Once the politicians set a metric of how many kids were going to do the third level tango, the problem for the industrial educational establishment became how the hell does one with any semblance of decorum get an intellectually-challenged but some voter’s golden haired boy like Jimmy into the appropriate statistic. The answer of course was to do the dreaded dropping of standards, which everyone rants on about but I won’t go there because if you ain’t seen it yet, you never will. All that was very saleable to electorates because it plays to the everyone has to be equal principle which as we all know cannot be refuted even when it’s patently in your face wrong.

However, all stable systems when disturbed are like a spinning gyroscope you’ve poked with your finger in that they tend to regain a dynamic equilibrium, but not necessarily the one it was in before you interfered with it. Chaos rules and Heisenberg, as always, has the last laugh.

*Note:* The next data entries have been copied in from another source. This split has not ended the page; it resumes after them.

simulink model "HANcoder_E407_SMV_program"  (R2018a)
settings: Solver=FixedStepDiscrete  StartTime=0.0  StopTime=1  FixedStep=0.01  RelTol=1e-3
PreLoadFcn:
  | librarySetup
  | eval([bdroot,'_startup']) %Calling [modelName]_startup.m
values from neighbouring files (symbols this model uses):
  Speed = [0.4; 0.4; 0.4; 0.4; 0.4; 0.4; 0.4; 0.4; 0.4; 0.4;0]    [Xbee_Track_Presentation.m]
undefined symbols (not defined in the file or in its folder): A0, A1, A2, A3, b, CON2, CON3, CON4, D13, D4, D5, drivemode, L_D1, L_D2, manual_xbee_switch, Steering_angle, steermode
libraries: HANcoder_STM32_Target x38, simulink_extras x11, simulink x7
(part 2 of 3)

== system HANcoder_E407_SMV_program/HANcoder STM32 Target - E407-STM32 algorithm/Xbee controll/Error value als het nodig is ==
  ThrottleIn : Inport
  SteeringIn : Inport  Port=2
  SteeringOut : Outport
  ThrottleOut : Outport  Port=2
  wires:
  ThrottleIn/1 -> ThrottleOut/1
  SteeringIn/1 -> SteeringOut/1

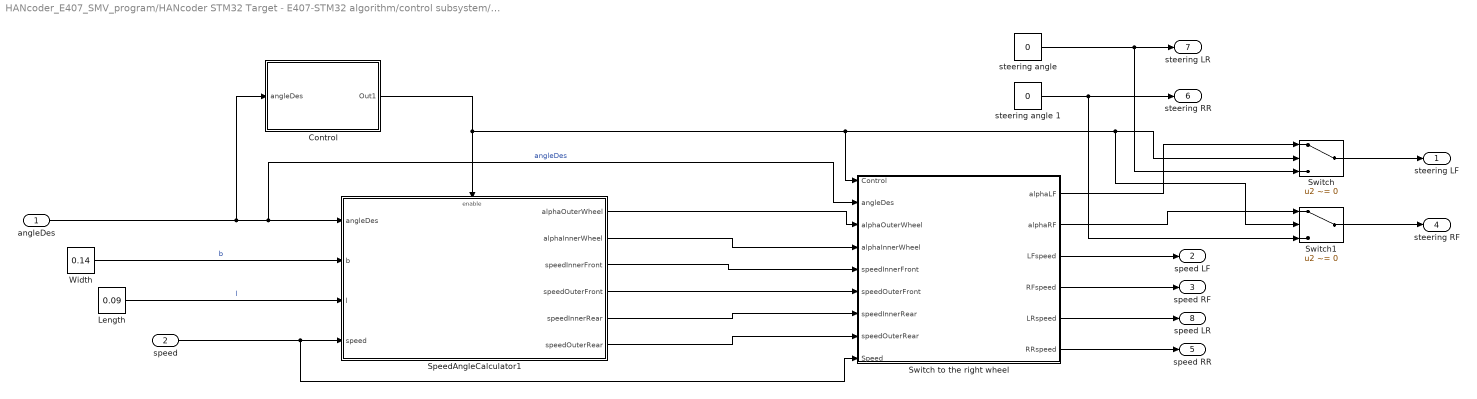
== system HANcoder_E407_SMV_program/HANcoder STM32 Target - E407-STM32 algorithm/control subsystem/2 wheel steering ==
  angleDes : Inport
  speed : Inport  Port=2
  Control : Subsystem
  Length : Constant  Value=0.09
  SpeedAngleCalculator1 : Subsystem
  Switch : Switch  Criteria=u2 ~= 0
  "Switch to the right wheel " : Subsystem
  Switch1 : Switch  Criteria=u2 ~= 0
  Width : Constant  Value=0.14
  "steering angle " : Constant  Value=0
  steering angle 1 : Constant  Value=0
  steering LF : Outport
  speed LF : Outport  Port=2
  speed RF : Outport  Port=3
  steering RF : Outport  Port=4
  speed RR : Outport  Port=5
  steering RR : Outport  Port=6
  steering LR : Outport  Port=7
  speed LR : Outport  Port=8
  wires:
  "steering angle "/1 -> Switch/3, steering LR/1
  steering angle 1/1 -> Switch1/3, steering RR/1
  "Switch to the right wheel "/4(RFspeed) -> speed RF/1
  angleDes/1 -> Control/1(angleDes), "Switch to the right wheel "/2(angleDes), SpeedAngleCalculator1/1(angleDes)  "angleDes"
  "Switch to the right wheel "/5(LRspeed) -> speed LR/1
  "Switch to the right wheel "/6(RRspeed) -> speed RR/1
  speed/1 -> "Switch to the right wheel "/9(Speed), SpeedAngleCalculator1/4(speed)
  Width/1 -> SpeedAngleCalculator1/2(b)  "b"
  SpeedAngleCalculator1/2(alphaInnerWheel) -> "Switch to the right wheel "/4(alphaInnerWheel)
  SpeedAngleCalculator1/6(speedOuterRear) -> "Switch to the right wheel "/8(speedOuterRear)
  SpeedAngleCalculator1/5(speedInnerRear) -> "Switch to the right wheel "/7(speedInnerRear)
  Length/1 -> SpeedAngleCalculator1/3(l)  "l"
  SpeedAngleCalculator1/1(alphaOuterWheel) -> "Switch to the right wheel "/3(alphaOuterWheel)
  SpeedAngleCalculator1/3(speedInnerFront) -> "Switch to the right wheel "/5(speedInnerFront)
  "Switch to the right wheel "/3(LFspeed) -> speed LF/1
  SpeedAngleCalculator1/4(speedOuterFront) -> "Switch to the right wheel "/6(speedOuterFront)
  "Switch to the right wheel "/1(alphaLF) -> Switch/1
  Switch/1 -> steering LF/1
  Switch1/1 -> steering RF/1
  "Switch to the right wheel "/2(alphaRF) -> Switch1/1
  Control/1(Out1) -> "Switch to the right wheel "/1(Control), Switch1/2, Switch/2, SpeedAngleCalculator1/Enable

== system HANcoder_E407_SMV_program/HANcoder STM32 Target - E407-STM32 algorithm/control subsystem/4 wheel steering ==
  angleDes : Inport
  speed : Inport  Port=2
  Control : Subsystem
  Subsystem1 : Subsystem
  Switch to the right wheel (Don't open if you're smart)1 : Subsystem
  angleDes1 : InportShadow
  angleDes2 : InportShadow
  b : Constant  Value=0.14
  l : Constant  Value=0.09
  speed2 : InportShadow  Port=2
  steering LF : Outport
  speed LF : Outport  Port=2
  speed RF : Outport  Port=3
  steering RF : Outport  Port=4
  speed RR : Outport  Port=5
  steering RR : Outport  Port=6
  steering LR : Outport  Port=7
  speed LR : Outport  Port=8
  wires:
  Switch to the right wheel (Don't open if you're smart)1/5(LFspeed) -> speed LF/1
  Switch to the right wheel (Don't open if you're smart)1/4(steeringRR) -> steering RR/1
  Switch to the right wheel (Don't open if you're smart)1/8(RRspeed) -> speed RR/1
  Switch to the right wheel (Don't open if you're smart)1/3(steeringRF) -> steering RF/1
  Switch to the right wheel (Don't open if you're smart)1/2("steeringLR ") -> steering LR/1
  Switch to the right wheel (Don't open if you're smart)1/6(RFspeed) -> speed RF/1
  Switch to the right wheel (Don't open if you're smart)1/7(LRspeed) -> speed LR/1
  Switch to the right wheel (Don't open if you're smart)1/1(steeringLF) -> steering LF/1
  angleDes2/1 -> Switch to the right wheel (Don't open if you're smart)1/6(angleDes)
  speed/1 -> Switch to the right wheel (Don't open if you're smart)1/7(Speed)
  b/1 -> Subsystem1/3(b)
  Subsystem1/2(speedOuter) -> Switch to the right wheel (Don't open if you're smart)1/3(speedOuterFront)
  l/1 -> Subsystem1/1(l)
  Subsystem1/4(AlphaInner) -> Switch to the right wheel (Don't open if you're smart)1/5(alphaOuterWheel)
  Control/1(Control) -> Subsystem1/Enable, Switch to the right wheel (Don't open if you're smart)1/1(Control)
  Subsystem1/3(AlphaOuter) -> Switch to the right wheel (Don't open if you're smart)1/4(alphaInnerWheel)
  Subsystem1/1(speedInner) -> Switch to the right wheel (Don't open if you're smart)1/2(speedInnerFront)
  angleDes/1 -> Subsystem1/2(angleDes)
  angleDes1/1 -> Control/1(angleDes)
  speed2/1 -> Subsystem1/4(speed)

== system HANcoder_E407_SMV_program/HANcoder STM32 Target - E407-STM32 algorithm/control subsystem/axle enable ==
  Xbeedriveline : Inport
  incomingF : Inport  Port=2
  incomingR : Inport  Port=3
  Subsystem : Subsystem
  Subsystem1 : Subsystem
  Out1 : Outport
  Out2 : Outport  Port=2
  wires:
  Subsystem/1(zero1) -> Out2/1
  Subsystem1/1(zero) -> Out1/1
  Xbeedriveline/1 -> Subsystem/2(xbeedriveline), Subsystem1/2(xbeedriveline)
  incomingF/1 -> Subsystem1/1(incomingF)
  incomingR/1 -> Subsystem/1(incomingR)

== system HANcoder_E407_SMV_program/HANcoder STM32 Target - E407-STM32 algorithm/control subsystem/direction subsystem ==
  Xbeedrive : Inport
  Constant : Constant  Value=3
  Digital Output1 : HANcoder_STM32_Target/STM32-E407/Digital Outputs/Digital Output  Tag=HANcoder_TARGET_STM32_E407  pinID=CON PE - 4  config=Push pull  tsamp=-1
      settings: SourceProductName=HANcoder STM32 Target
  Sum : Sum  Inputs=|+-
  Switch : Switch  Threshold=4  OutDataTypeStr=boolean
  Switch1 : Switch  Threshold=1
  negDirection : Constant
  posDirection : Constant  Value=0
  Out1 : Outport
  wires:
  negDirection/1 -> Switch/1
  Xbeedrive/1 -> Switch1/3, Sum/1, Switch/2
  Switch/1 -> Switch1/2, Digital Output1/1  "direction"
  posDirection/1 -> Switch/3
  Constant/1 -> Sum/2
  Switch1/1 -> Out1/1
  Sum/1 -> Switch1/1

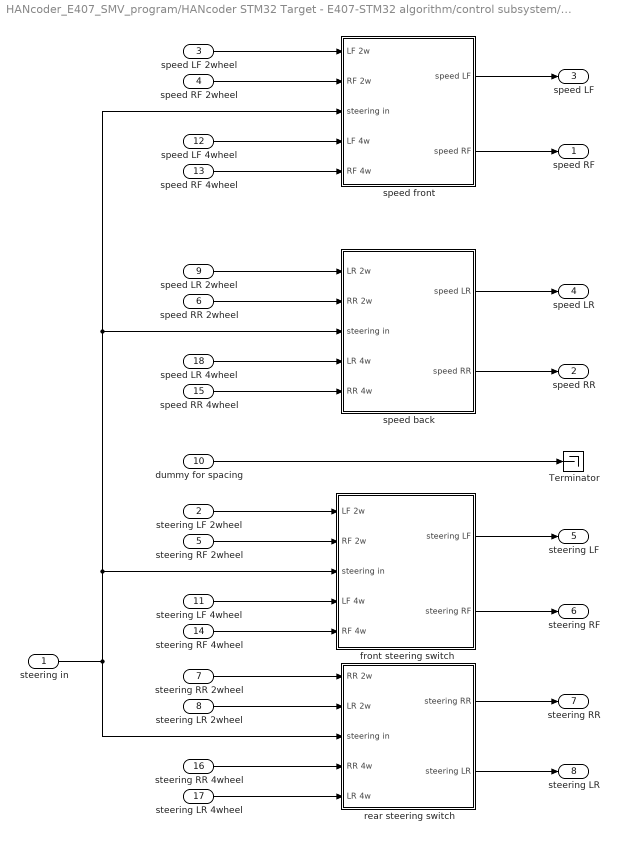
== system HANcoder_E407_SMV_program/HANcoder STM32 Target - E407-STM32 algorithm/control subsystem/steering switch ==
  steering in : Inport
  steering LF 2wheel : Inport  Port=2
  speed LF 2wheel : Inport  Port=3
  speed RF 2wheel : Inport  Port=4
  steering RF 2wheel : Inport  Port=5
  speed RR 2wheel : Inport  Port=6
  steering RR 2wheel : Inport  Port=7
  steering LR 2wheel : Inport  Port=8
  speed LR 2wheel : Inport  Port=9
  dummy for spacing : Inport  Port=10
  steering LF 4wheel : Inport  Port=11
  speed LF 4wheel : Inport  Port=12
  speed RF 4wheel : Inport  Port=13
  steering RF 4wheel : Inport  Port=14
  speed RR 4wheel : Inport  Port=15
  steering RR 4wheel : Inport  Port=16
  steering LR 4wheel : Inport  Port=17
  speed LR 4wheel : Inport  Port=18
  Terminator : Terminator
  front steering switch : Subsystem
  rear steering switch : Subsystem
  speed back : Subsystem
  speed front : Subsystem
  speed RF : Outport
  speed RR : Outport  Port=2
  speed LF : Outport  Port=3
  speed LR : Outport  Port=4
  steering LF : Outport  Port=5
  steering RF : Outport  Port=6
  steering RR : Outport  Port=7
  steering LR : Outport  Port=8
  wires:
  rear steering switch/1(steering RR) -> steering RR/1
  rear steering switch/2(steering LR) -> steering LR/1
  steering in/1 -> rear steering switch/3(steering in), speed front/3(steering in), speed back/3(steering in), front steering switch/3(steering in)
  speed LR 2wheel/1 -> speed back/1(LR 2w)
  speed LF 2wheel/1 -> speed front/1(LF 2w)
  speed LR 4wheel/1 -> speed back/4(LR 4w)
  speed RR 4wheel/1 -> speed back/5(RR 4w)
  speed RF 2wheel/1 -> speed front/2(RF 2w)
  speed RR 2wheel/1 -> speed back/2(RR 2w)
  front steering switch/2(steering RF) -> steering RF/1
  front steering switch/1(steering LF) -> steering LF/1
  speed LF 4wheel/1 -> speed front/4(LF 4w)
  speed RF 4wheel/1 -> speed front/5(RF 4w)
  steering LF 2wheel/1 -> front steering switch/1(LF 2w)
  steering RF 2wheel/1 -> front steering switch/2(RF 2w)
  steering LF 4wheel/1 -> front steering switch/4(LF 4w)
  steering RF 4wheel/1 -> front steering switch/5(RF 4w)
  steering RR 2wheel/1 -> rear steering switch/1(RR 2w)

Millions of kids started going to sixth-form colleges or polytechnics which with a magic star-spangled Disney tap of the educational Fairy Godmother’s sword on their shoulder were told to arise Sir University, which would somehow make the degrees they were handing out to anyone and everyone like sweeties more credible. Everybody naturally piled their kids in because we all want them to have that cachet, but as always the question came down to who’s going to pay for this largesse?

Given the resultant explosion in the number of students, it certainly wasn’t going to be the politicians because that would involve the unpopular move of raising taxes, so the best thing to do was to get the kids to pay for it themselves by automatically brokering a loan for them with some old pal usurers from the temple.

Everyone was happy with the accommodation, except the kids who actually weren’t aware what the fuck was going on, which was that they were being introduced to the first easy step into being debt slaves.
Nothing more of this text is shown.